Certainly the film looks great. The cinematography is very nice, and the Scottish countryside and the large estate home are gorgeous. The costuming looks in keeping with the characters, and adds to the very period feel of the film, which doesn't waver from it's authenticity.
As I mentioned above, this is an anamorphic transfer, so maybe Disney is keeping to their word. The 1.85:1 widescreen transfer looks pretty good. I saw few artifacts, though there were edge enhancement problems throughout, but no film grain, nicks, or other defect. The greens of the lawns and the grays of the stone walls were vivid and lifelike. Flesh tones were perhaps a bit washed out, or I could be mistaking a pasty Scottish complexion for a color error. Still, high marks for the picture. The Dolby Digital 5.1 soundtrack is very nice, with dialogue always intelligible. The surrounds aren't given a great deal to do, but the subwoofer does get used during the musical score. There is little else for the sub to do in such a film.
The Rebuttal Witnesses
I suppose the biggest disappointment is there are no extras at all. None. Not even a lousy trailer. Maybe I should at least commend their honesty; they don't try to pass off a trailer as extra content. They're honest in their devotion to providing no extras at least.
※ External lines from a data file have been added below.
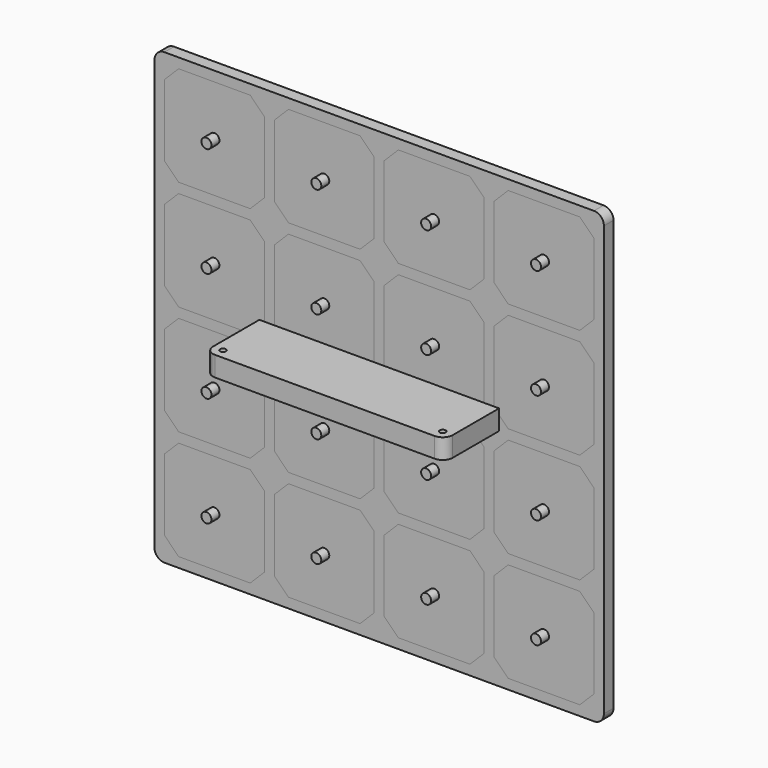
from build123d import *

# Parameters (mm, degrees)
F0_R          = 2.5
F1_DEPTH      = 6
F0_W          = 225
F0_H          = 225
F2_DEPTH      = 6
F3_R          = 5
F4_D          = 5
F4_2_D        = 5
F4_3_D        = 5
F4_4_D        = 5
F4_5_D        = 5
F4_6_D        = 5
F4_7_D        = 5
F4_8_D        = 5
F4_9_D        = 5
F4_10_D       = 5
F4_11_D       = 5
F4_12_D       = 5
F4_13_D       = 5
F4_14_D       = 5
F4_15_D       = 5
F5_R          = 2.5
F6_DEPTH      = 25
F6_DEPTH_BACK = 5
F8_DEPTH      = 10
F9_D          = 3
F10_T         = -3


with BuildPart() as f1:
    # F0 (on Front) → F1 (new body)
    with BuildSketch(Plane.XZ):
        Polygon((-107.5, 100.4289321881), (-107.5, 82.5), (-107.5, 64.5710678119), (-100.4289321881, 57.5), (-82.5, 57.5), (-64.5710678119, 57.5), (-57.5, 64.5710678119), (-57.5, 82.5), (-57.5, 100.4289321881), (-64.5710678119, 107.5), (-82.5, 107.5), (-100.4289321881, 107.5), align=None)
        with Locations((-82.5, 82.5)):
            Circle(F0_R, mode=Mode.SUBTRACT)
    extrude(amount=F1_DEPTH)


with BuildPart() as f1b:
    # F0 (on Front) → F1, piece 2 (new body)
    with BuildSketch(Plane.XZ):
        Polygon((-45.4289321881, 107.5), (-52.5, 100.4289321881), (-52.5, 82.5), (-52.5, 64.5710678119), (-45.4289321881, 57.5), (-27.5, 57.5), (-9.5710678119, 57.5), (-2.5, 64.5710678119), (-2.5, 82.5), (-2.5, 100.4289321881), (-9.5710678119, 107.5), (-27.5, 107.5), align=None)
    extrude(amount=F1_DEPTH)

    # F4 (through all)
    with Locations(Plane(origin=(0, 0, 0), x_dir=(1, 0, 0), z_dir=(0, 1, 0))):
        with Locations((-82.5, -82.5), (-27.5, -82.5), (27.5, -82.5), (82.5, -82.5), (-82.5, -27.5), (-27.5, -27.5), (27.5, -27.5), (82.5, -27.5), (-82.5, 27.5), (-27.5, 27.5), (27.5, 27.5), (82.5, 27.5), (-82.5, 82.5), (-27.5, 82.5), (27.5, 82.5), (82.5, 82.5)):
            Hole(F4_D / 2)


with BuildPart() as f1c:
    # F0 (on Front) → F1, piece 3 (new body)
    with BuildSketch(Plane.XZ):
        Polygon((9.5710678119, 107.5), (2.5, 100.4289321881), (2.5, 82.5), (2.5, 64.5710678119), (9.5710678119, 57.5), (27.5, 57.5), (45.4289321881, 57.5), (52.5, 64.5710678119), (52.5, 82.5), (52.5, 100.4289321881), (45.4289321881, 107.5), (27.5, 107.5), align=None)
    extrude(amount=F1_DEPTH)

    # F4#2 (through all)
    with Locations(Plane(origin=(0, 0, 0), x_dir=(1, 0, 0), z_dir=(0, 1, 0))):
        with Locations((-82.5, -82.5), (-27.5, -82.5), (27.5, -82.5), (82.5, -82.5), (-82.5, -27.5), (-27.5, -27.5), (27.5, -27.5), (82.5, -27.5), (-82.5, 27.5), (-27.5, 27.5), (27.5, 27.5), (82.5, 27.5), (-82.5, 82.5), (-27.5, 82.5), (27.5, 82.5), (82.5, 82.5)):
            Hole(F4_2_D / 2)


with BuildPart() as f1d:
    # F0 (on Front) → F1, piece 4 (new body)
    with BuildSketch(Plane.XZ):
        Polygon((64.5710678119, 107.5), (57.5, 100.4289321881), (57.5, 82.5), (57.5, 64.5710678119), (64.5710678119, 57.5), (82.5, 57.5), (100.4289321881, 57.5), (107.5, 64.5710678119), (107.5, 82.5), (107.5, 100.4289321881), (100.4289321881, 107.5), (82.5, 107.5), align=None)
    extrude(amount=F1_DEPTH)

    # F4#3 (through all)
    with Locations(Plane(origin=(0, 0, 0), x_dir=(1, 0, 0), z_dir=(0, 1, 0))):
        with Locations((-82.5, -82.5), (-27.5, -82.5), (27.5, -82.5), (82.5, -82.5), (-82.5, -27.5), (-27.5, -27.5), (27.5, -27.5), (82.5, -27.5), (-82.5, 27.5), (-27.5, 27.5), (27.5, 27.5), (82.5, 27.5), (-82.5, 82.5), (-27.5, 82.5), (27.5, 82.5), (82.5, 82.5)):
            Hole(F4_3_D / 2)


with BuildPart() as f1e:
    # F0 (on Front) → F1, piece 5 (new body)
    with BuildSketch(Plane.XZ):
        Polygon((64.5710678119, 52.5), (57.5, 45.4289321881), (57.5, 27.5), (57.5, 9.5710678119), (64.5710678119, 2.5), (82.5, 2.5), (100.4289321881, 2.5), (107.5, 9.5710678119), (107.5, 27.5), (107.5, 45.4289321881), (100.4289321881, 52.5), (82.5, 52.5), align=None)
    extrude(amount=F1_DEPTH)

    # F4#4 (through all)
    with Locations(Plane(origin=(0, 0, 0), x_dir=(1, 0, 0), z_dir=(0, 1, 0))):
        with Locations((-82.5, -82.5), (-27.5, -82.5), (27.5, -82.5), (82.5, -82.5), (-82.5, -27.5), (-27.5, -27.5), (27.5, -27.5), (82.5, -27.5), (-82.5, 27.5), (-27.5, 27.5), (27.5, 27.5), (82.5, 27.5), (-82.5, 82.5), (-27.5, 82.5), (27.5, 82.5), (82.5, 82.5)):
            Hole(F4_4_D / 2)


with BuildPart() as f1f:
    # F0 (on Front) → F1, piece 6 (new body)
    with BuildSketch(Plane.XZ):
        Polygon((9.5710678119, 52.5), (2.5, 45.4289321881), (2.5, 27.5), (2.5, 9.5710678119), (9.5710678119, 2.5), (27.5, 2.5), (45.4289321881, 2.5), (52.5, 9.5710678119), (52.5, 27.5), (52.5, 45.4289321881), (45.4289321881, 52.5), (27.5, 52.5), align=None)
    extrude(amount=F1_DEPTH)

    # F4#5 (through all)
    with Locations(Plane(origin=(0, 0, 0), x_dir=(1, 0, 0), z_dir=(0, 1, 0))):
        with Locations((-82.5, -82.5), (-27.5, -82.5), (27.5, -82.5), (82.5, -82.5), (-82.5, -27.5), (-27.5, -27.5), (27.5, -27.5), (82.5, -27.5), (-82.5, 27.5), (-27.5, 27.5), (27.5, 27.5), (82.5, 27.5), (-82.5, 82.5), (-27.5, 82.5), (27.5, 82.5), (82.5, 82.5)):
            Hole(F4_5_D / 2)


with BuildPart() as f1g:
    # F0 (on Front) → F1, piece 7 (new body)
    with BuildSketch(Plane.XZ):
        Polygon((-45.4289321881, 52.5), (-52.5, 45.4289321881), (-52.5, 27.5), (-52.5, 9.5710678119), (-45.4289321881, 2.5), (-27.5, 2.5), (-9.5710678119, 2.5), (-2.5, 9.5710678119), (-2.5, 27.5), (-2.5, 45.4289321881), (-9.5710678119, 52.5), (-27.5, 52.5), align=None)
    extrude(amount=F1_DEPTH)

    # F4#6 (through all)
    with Locations(Plane(origin=(0, 0, 0), x_dir=(1, 0, 0), z_dir=(0, 1, 0))):
        with Locations((-82.5, -82.5), (-27.5, -82.5), (27.5, -82.5), (82.5, -82.5), (-82.5, -27.5), (-27.5, -27.5), (27.5, -27.5), (82.5, -27.5), (-82.5, 27.5), (-27.5, 27.5), (27.5, 27.5), (82.5, 27.5), (-82.5, 82.5), (-27.5, 82.5), (27.5, 82.5), (82.5, 82.5)):
            Hole(F4_6_D / 2)


with BuildPart() as f1h:
    # F0 (on Front) → F1, piece 8 (new body)
    with BuildSketch(Plane.XZ):
        Polygon((-100.4289321881, 52.5), (-107.5, 45.4289321881), (-107.5, 27.5), (-107.5, 9.5710678119), (-100.4289321881, 2.5), (-82.5, 2.5), (-64.5710678119, 2.5), (-57.5, 9.5710678119), (-57.5, 27.5), (-57.5, 45.4289321881), (-64.5710678119, 52.5), (-82.5, 52.5), align=None)
    extrude(amount=F1_DEPTH)

    # F4#7 (through all)
    with Locations(Plane(origin=(0, 0, 0), x_dir=(1, 0, 0), z_dir=(0, 1, 0))):
        with Locations((-82.5, -82.5), (-27.5, -82.5), (27.5, -82.5), (82.5, -82.5), (-82.5, -27.5), (-27.5, -27.5), (27.5, -27.5), (82.5, -27.5), (-82.5, 27.5), (-27.5, 27.5), (27.5, 27.5), (82.5, 27.5), (-82.5, 82.5), (-27.5, 82.5), (27.5, 82.5), (82.5, 82.5)):
            Hole(F4_7_D / 2)


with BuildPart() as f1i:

While I can call the film charming, and pretty, and sweet, there really isn't much to it. While there were times I laughed, or thought about how pretty the countryside was, I always expected more. I'm not upset that I spent 90 odd minutes watching it, but it's not something I'd watch again. I think the film won't be exciting enough or story driven enough for a lot of people.
My Life So Far is a gentle daydream of a movie. If that sounds nice to you, then give it a rental. I'm pretty ambivalent about the film. But if it helps, I can say that I won't watch it again. And that to me is the defining reason to purchase a DVD.
Director Hugh Hudson (Chariots of Fire) is released on his own recognizance. His film does what he set out for it to do. Colin Firth's performance was solid, and he gets a nod. Case dismissed.